Die Bereiche Liegenschaften und Mobilität sind weitreichende Themenfelder, da beispielsweise Zukäufe von Fahrzeugen oder Neuanmietungen beziehungsweise Umzüge von Verwaltungen kontinuierlich für das Monitoring mitgedacht und eingepflegt werden müssen. Liegenschaften sind durch ihren Energieverbrauch wesentlicher Verursacher von Treibhausgasen, können durch installierte Photovoltaikanlagen aber auch Energie bereitstellen. Auch das Handlungsfeld Mobilität ist breitgefächert und reicht von der Fuhrparkorganisation und -ausstattung über Dienstreisen bis hin zur Gestaltung des Arbeitsweges von Mitarbeitenden. In dem von der KKB zu entwickelnden Maßnahmenpaket sollen emissionsärmere Alternativen ausgearbeitet werden.
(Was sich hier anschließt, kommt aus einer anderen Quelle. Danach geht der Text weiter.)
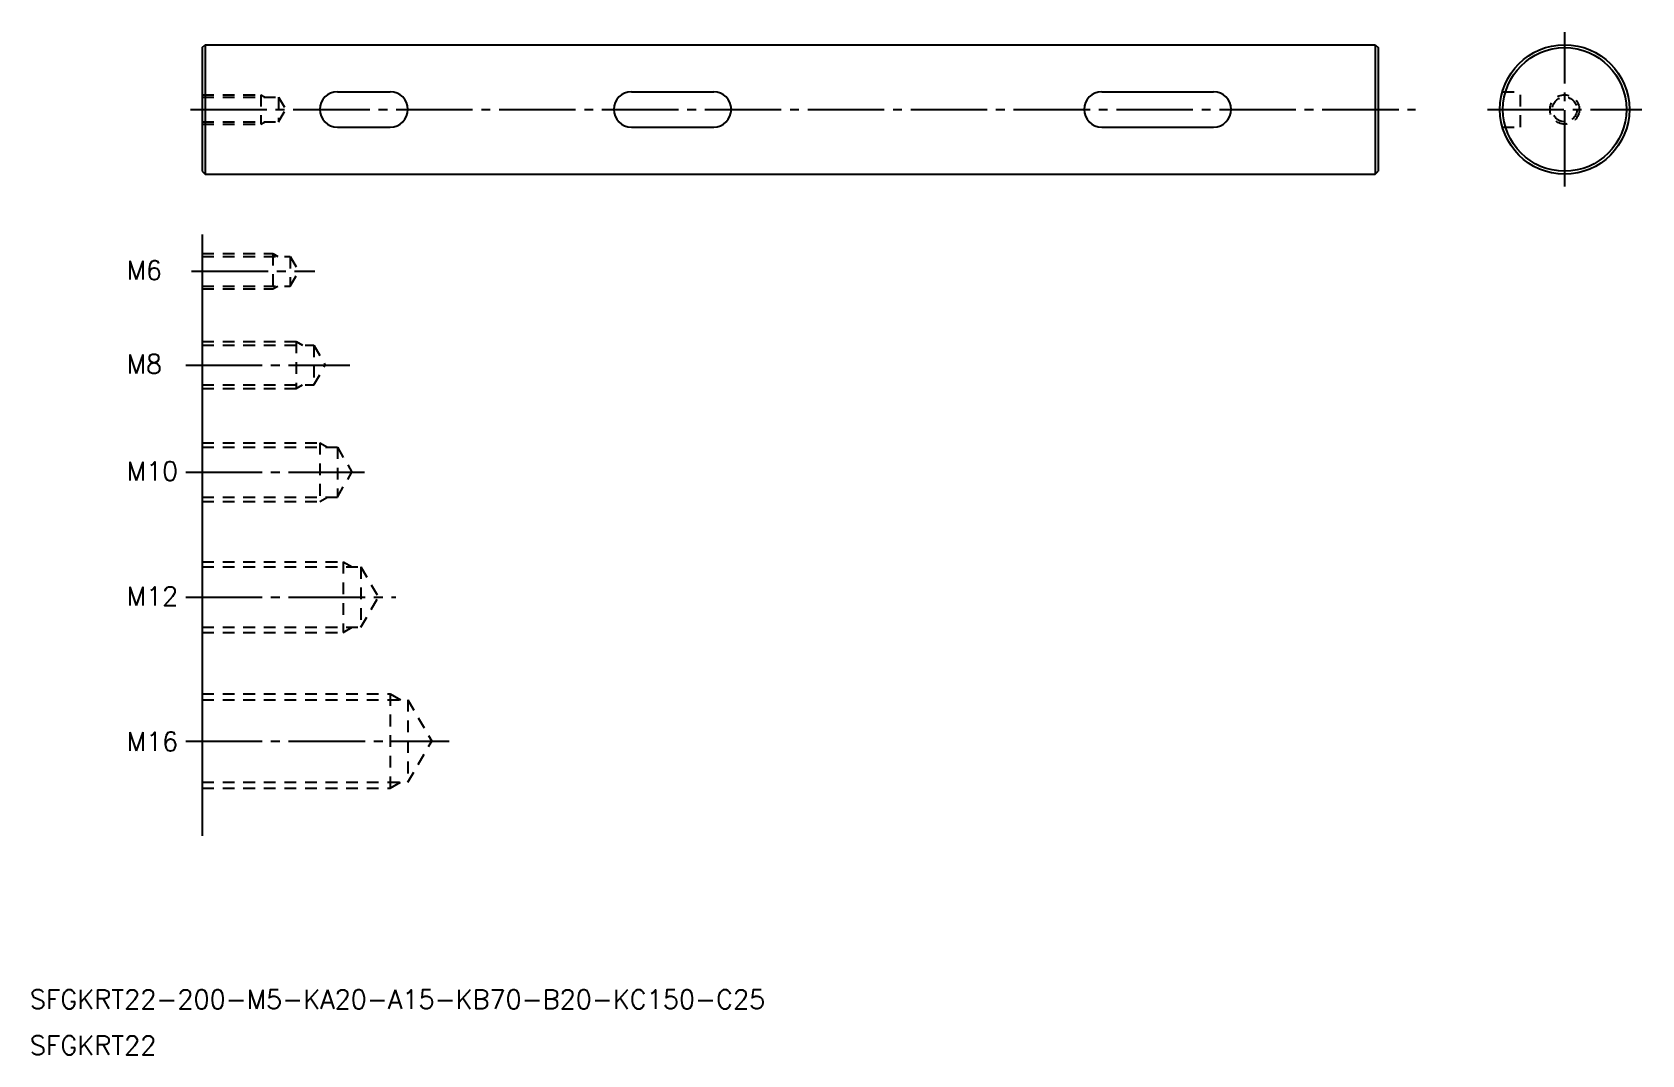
# Model space of a CAD drawing. Extents: x 54 to 328, y 10 to 184.
import ezdxf

# ---------------------------------------------------------------- set-up
doc = ezdxf.new("R2010")
doc.units = 0
doc.linetypes.add('CENTER', pattern=[17.5, 13, -1.5, 1.5, -1.5])
doc.linetypes.add('DASHED', pattern=[3.5, 2, -1.5])
doc.layers.get('0').update_dxf_attribs({"linetype": 'CONTINUOUS'})
doc.layers.add('CENTER', color=1, linetype='CENTER')
doc.styles.get("Standard").update_dxf_attribs({"font": 'txt.shx', "bigfont": '@extfont2.shx'})

msp = doc.modelspace()

# ---------------------------------------------------------------- linework, layer by layer
at = {"color": 7, "linetype": 'CONTINUOUS'}
for p, q in [((82.85, 181.41), (83.35, 181.91)), ((82.85, 181.41), (82.85, 160.41)), ((83.35, 181.91), (282.35, 181.91)), ((83.35, 181.91), (83.35, 159.91)), ((282.35, 181.91), (282.35, 159.91)), ((282.35, 181.91), (282.85, 181.41)), ((282.85, 181.41), (282.85, 160.41)), ((105.85, 173.91), (114.85, 173.91)), ((155.85, 173.91), (169.85, 173.91)), ((235.85, 173.91), (254.85, 173.91)), ((105.85, 167.91), (114.85, 167.91)), ((155.85, 167.91), (169.85, 167.91)), ((235.85, 167.91), (254.85, 167.91)), ((82.85, 160.41), (83.35, 159.91)), ((83.35, 159.91), (282.35, 159.91)), ((282.35, 159.91), (282.85, 160.41)), ((82.85, 149.66), (82.85, 47.48))]:
    msp.add_line(p, q, dxfattribs=at)
at = {"color": 3, "linetype": 'DASHED'}
for p, q in [((82.85, 173.41), (92.85, 173.41)), ((82.85, 173.01), (95.85, 173.01)), ((92.85, 173.41), (93.46, 173.06)), ((92.85, 173.41), (92.85, 168.41)), ((95.85, 173.01), (97.06, 170.91)), ((95.85, 173.01), (95.85, 168.81)), ((303.99, 173.91), (307.07, 173.91)), ((307.07, 167.91), (307.07, 173.91)), ((95.85, 168.81), (97.06, 170.91)), ((82.85, 168.81), (95.85, 168.81)), ((82.85, 168.41), (92.85, 168.41)), ((92.85, 168.41), (93.46, 168.76)), ((303.99, 167.91), (307.07, 167.91)), ((82.85, 146.4), (94.85, 146.4)), ((82.85, 145.9), (97.85, 145.9)), ((94.85, 146.4), (94.85, 140.4)), ((94.85, 146.4), (95.72, 145.9)), ((97.85, 145.9), (97.85, 140.9)), ((97.85, 145.9), (99.3, 143.4)), ((97.85, 140.9), (99.3, 143.4)), ((82.85, 140.9), (97.85, 140.9)), ((82.85, 140.4), (94.85, 140.4)), ((94.85, 140.4), (95.72, 140.9)), ((82.85, 131.46), (98.85, 131.46)), ((98.85, 131.46), (98.85, 123.46)), ((98.85, 131.46), (99.93, 130.83)), ((82.85, 130.83), (101.85, 130.83)), ((101.85, 130.83), (101.85, 124.08)), ((101.85, 130.83), (103.8, 127.46)), ((101.85, 124.08), (103.8, 127.46)), ((82.85, 124.08), (101.85, 124.08)), ((82.85, 123.46), (98.85, 123.46)), ((98.85, 123.46), (99.93, 124.08)), ((82.85, 114.26), (102.85, 114.26)), ((82.85, 113.51), (105.85, 113.51)), ((102.85, 114.26), (102.85, 104.26)), ((102.85, 114.26), (104.15, 113.51)), ((105.85, 113.51), (105.85, 105.01)), ((105.85, 113.51), (108.31, 109.26)), ((105.85, 105.01), (108.31, 109.26)), ((82.85, 105.01), (105.85, 105.01)), ((82.85, 104.26), (102.85, 104.26)), ((102.85, 104.26), (104.15, 105.01)), ((82.85, 94.02), (106.85, 94.02)), ((82.85, 93.15), (109.85, 93.15)), ((106.85, 94.02), (106.85, 82.02)), ((106.85, 94.02), (108.37, 93.15)), ((109.85, 93.15), (112.81, 88.02)), ((109.85, 93.15), (109.85, 82.9)), ((109.85, 82.9), (112.81, 88.02)), ((82.85, 82.9), (109.85, 82.9)), ((106.85, 82.02), (108.37, 82.9)), ((82.85, 82.02), (106.85, 82.02)), ((82.85, 71.56), (114.85, 71.56)), ((114.85, 71.56), (114.85, 55.56)), ((114.85, 71.56), (116.58, 70.56)), ((82.85, 70.56), (117.85, 70.56)), ((117.85, 70.56), (121.89, 63.56)), ((117.85, 70.56), (117.85, 56.56)), ((117.85, 56.56), (121.89, 63.56)), ((82.85, 56.56), (117.85, 56.56)), ((82.85, 55.56), (114.85, 55.56)), ((114.85, 55.56), (116.58, 56.56))]:
    msp.add_line(p, q, dxfattribs=at)
at = {"color": 7, "linetype": 'CONTINUOUS'}
for radius in [11, 10.5]:
    msp.add_circle((314.57, 170.91), radius, dxfattribs=at)
at = {"color": 3, "linetype": 'DASHED'}
for radius in [2.5, 2.1]:
    msp.add_circle((314.57, 170.91), radius, dxfattribs=at)
at = {"color": 7, "linetype": 'CONTINUOUS'}
for centre, start, end in [((105.85, 170.91), 90, 270), ((114.85, 170.91), 270, 90), ((155.85, 170.91), 90, 270), ((169.85, 170.91), 270, 90), ((235.85, 170.91), 90, 270), ((254.85, 170.91), 270, 90)]:
    msp.add_arc(centre, 3, start, end, dxfattribs=at)
at = {"layer": 'CENTER', "color": 1, "linetype": 'CENTER'}
for p, q in [((314.57, 157.79), (314.57, 184.03)), ((80.85, 170.91), (289.22, 170.91)), ((301.45, 170.91), (327.69, 170.91)), ((81.07, 143.4), (102, 143.4)), ((80.06, 127.46), (107.97, 127.46)), ((80.06, 109.26), (110.47, 109.26)), ((80.06, 88.02), (115.8, 88.02)), ((80.06, 63.56), (124.85, 63.56))]:
    msp.add_line(p, q, dxfattribs=at)

# ---------------------------------------------------------------- texts
for s, p in [('M6', (70, 141.98)), ('M8', (70, 126.04)), ('M10', (70, 107.84)), ('M12', (70, 86.6)), ('M16', (70, 61.89)), ('SFGKRT22-200-M5-KA20-A15-KB70-B20-KC150-C25', (53.54, 18.08)), ('SFGKRT22', (53.54, 10.24))]:
    msp.add_text(s, height=3.2).set_placement(p)

doc.saveas('drawing.dxf')
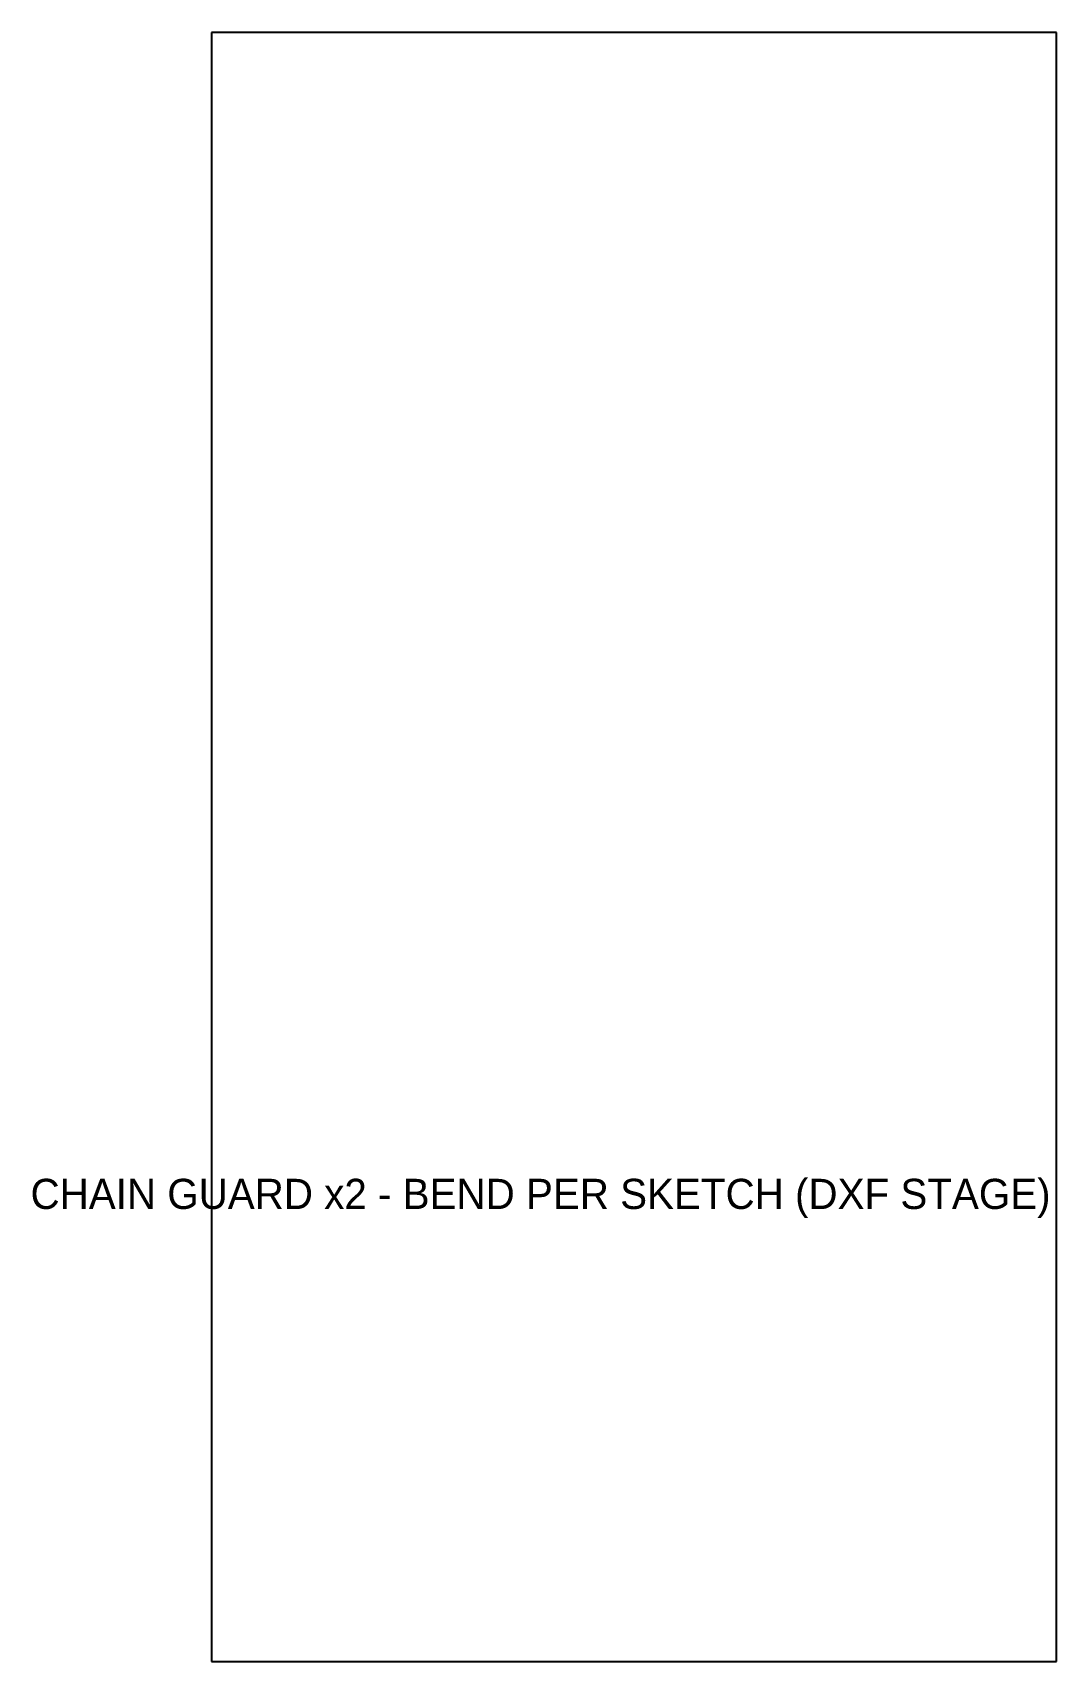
# Model space of a CAD drawing. Header units: metres. Extents: x -100 to 70, y -135 to 135.
import ezdxf

# ---------------------------------------------------------------- set-up
doc = ezdxf.new("R2010")
doc.units = ezdxf.units.M

msp = doc.modelspace()

# ---------------------------------------------------------------- linework, layer by layer
for p, q in [((70, 135), (-70, 135)), ((-70, 135), (-70, -135)), ((70, -135), (70, 135)), ((-70, -135), (70, -135))]:
    msp.add_line(p, q)

# ---------------------------------------------------------------- texts
at = {"layer": 'NOTES'}
msp.add_text('CHAIN GUARD x2 - BEND PER SKETCH (DXF STAGE)', height=5, dxfattribs=at).set_placement((-100, -60))

doc.saveas('drawing.dxf')

"Als Leiterin der KKB bin ich auch Vorbild. Das bedeutet: Wie komme ich zur Arbeit? Wie konsumiere ich? Wie und wohin reise ich? Diese Verantwortung habe ich in meiner Funktion, aber auch als Mutter. Ich möchte einen möglichst geringen CO2-Fußabdruck hinterlassen, auch für die nachfolgenden Generationen."
Dr. Kerstin Röhling
Die erste Klimabilanz der Bundesverwaltung
Die erste Klimabilanz, die derzeit mit Daten aus 2021 und anschließend jährlich von der KKB für das Vorjahr erstellt wird, dient der Bestandsaufnahme und als Grundlage für die zu erarbeitenden Klimaschutzmaßnahmen. Fast 130 bundesweite Institutionen waren angehalten, innerhalb einer vierwöchigen Frist in umfangreichen Fragebögen ihre Klimadaten festzuhalten. Es geht um Verbrauchsdaten für zum Beispiel Strom oder Wärme, aber auch um Angaben zum Fuhrpark. Die Herausforderung liegt darin, valide Daten zu erfassen und die große Diversität der Institutionen abzudecken. Zusätzliche Herausforderungen bei der jährlichen Erhebung der Daten sind neue Ressortzuschnitte nach Bundestagswahlen oder die Anmietung neuer Liegenschaften.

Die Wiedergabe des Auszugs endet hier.